(SUPPLIED DATA begins)

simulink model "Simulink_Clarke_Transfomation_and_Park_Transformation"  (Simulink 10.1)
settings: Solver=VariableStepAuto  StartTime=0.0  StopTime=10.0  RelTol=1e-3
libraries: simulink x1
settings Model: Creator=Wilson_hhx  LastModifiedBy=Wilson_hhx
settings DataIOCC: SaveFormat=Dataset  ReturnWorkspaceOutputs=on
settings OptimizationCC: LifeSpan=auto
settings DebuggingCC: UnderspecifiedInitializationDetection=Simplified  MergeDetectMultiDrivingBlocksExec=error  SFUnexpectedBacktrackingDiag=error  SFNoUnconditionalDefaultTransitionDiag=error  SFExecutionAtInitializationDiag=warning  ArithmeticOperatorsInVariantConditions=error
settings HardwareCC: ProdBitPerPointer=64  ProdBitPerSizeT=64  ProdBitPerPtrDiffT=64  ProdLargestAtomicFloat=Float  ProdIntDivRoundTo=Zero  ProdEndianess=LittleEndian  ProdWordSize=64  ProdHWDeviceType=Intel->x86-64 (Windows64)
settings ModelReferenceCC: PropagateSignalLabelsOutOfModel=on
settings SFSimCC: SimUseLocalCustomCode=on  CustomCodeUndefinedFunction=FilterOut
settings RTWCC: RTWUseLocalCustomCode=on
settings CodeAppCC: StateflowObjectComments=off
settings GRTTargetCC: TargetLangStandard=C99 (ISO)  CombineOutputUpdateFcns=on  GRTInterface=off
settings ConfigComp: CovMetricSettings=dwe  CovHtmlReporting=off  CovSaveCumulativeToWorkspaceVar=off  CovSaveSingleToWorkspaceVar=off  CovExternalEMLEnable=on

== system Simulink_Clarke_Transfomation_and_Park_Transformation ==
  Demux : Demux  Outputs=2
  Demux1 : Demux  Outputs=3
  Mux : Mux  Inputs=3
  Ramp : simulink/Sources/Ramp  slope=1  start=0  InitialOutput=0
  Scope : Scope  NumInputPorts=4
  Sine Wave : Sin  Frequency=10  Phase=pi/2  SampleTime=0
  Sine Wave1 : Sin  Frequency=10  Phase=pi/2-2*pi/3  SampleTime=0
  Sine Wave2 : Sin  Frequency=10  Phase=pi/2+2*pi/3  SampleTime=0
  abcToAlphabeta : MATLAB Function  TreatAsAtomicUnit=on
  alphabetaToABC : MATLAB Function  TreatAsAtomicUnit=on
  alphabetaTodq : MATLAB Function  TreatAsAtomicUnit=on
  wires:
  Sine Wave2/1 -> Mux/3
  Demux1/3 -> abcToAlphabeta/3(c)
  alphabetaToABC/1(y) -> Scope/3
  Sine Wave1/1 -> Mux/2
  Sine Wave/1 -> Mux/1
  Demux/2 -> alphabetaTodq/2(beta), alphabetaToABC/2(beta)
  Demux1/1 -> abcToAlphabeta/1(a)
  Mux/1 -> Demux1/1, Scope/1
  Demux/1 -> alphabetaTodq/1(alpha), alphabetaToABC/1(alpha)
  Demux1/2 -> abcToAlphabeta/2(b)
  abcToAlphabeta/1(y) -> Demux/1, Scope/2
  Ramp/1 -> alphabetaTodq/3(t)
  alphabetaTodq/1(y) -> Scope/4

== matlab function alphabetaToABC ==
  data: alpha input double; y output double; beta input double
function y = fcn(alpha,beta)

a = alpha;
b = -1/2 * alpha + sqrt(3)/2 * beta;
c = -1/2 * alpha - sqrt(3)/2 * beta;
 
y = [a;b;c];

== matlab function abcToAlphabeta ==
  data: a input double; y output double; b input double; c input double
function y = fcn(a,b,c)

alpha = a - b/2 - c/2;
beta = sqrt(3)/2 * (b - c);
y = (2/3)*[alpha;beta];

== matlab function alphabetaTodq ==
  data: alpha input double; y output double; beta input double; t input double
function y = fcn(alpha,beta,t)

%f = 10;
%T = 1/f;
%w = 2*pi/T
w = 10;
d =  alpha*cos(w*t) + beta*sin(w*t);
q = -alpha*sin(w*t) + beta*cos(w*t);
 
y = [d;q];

(SUPPLIED DATA ends)

Take the line containing "alpha = a - b/2 - c/2;" and every line after it up to the last line of the listing, and output them exactly, with nothing else.

alpha = a - b/2 - c/2;
beta = sqrt(3)/2 * (b - c);
y = (2/3)*[alpha;beta];

== matlab function alphabetaTodq ==
  data: alpha input double; y output double; beta input double; t input double
function y = fcn(alpha,beta,t)

%f = 10;
%T = 1/f;
%w = 2*pi/T
w = 10;
d =  alpha*cos(w*t) + beta*sin(w*t);
q = -alpha*sin(w*t) + beta*cos(w*t);
 
y = [d;q];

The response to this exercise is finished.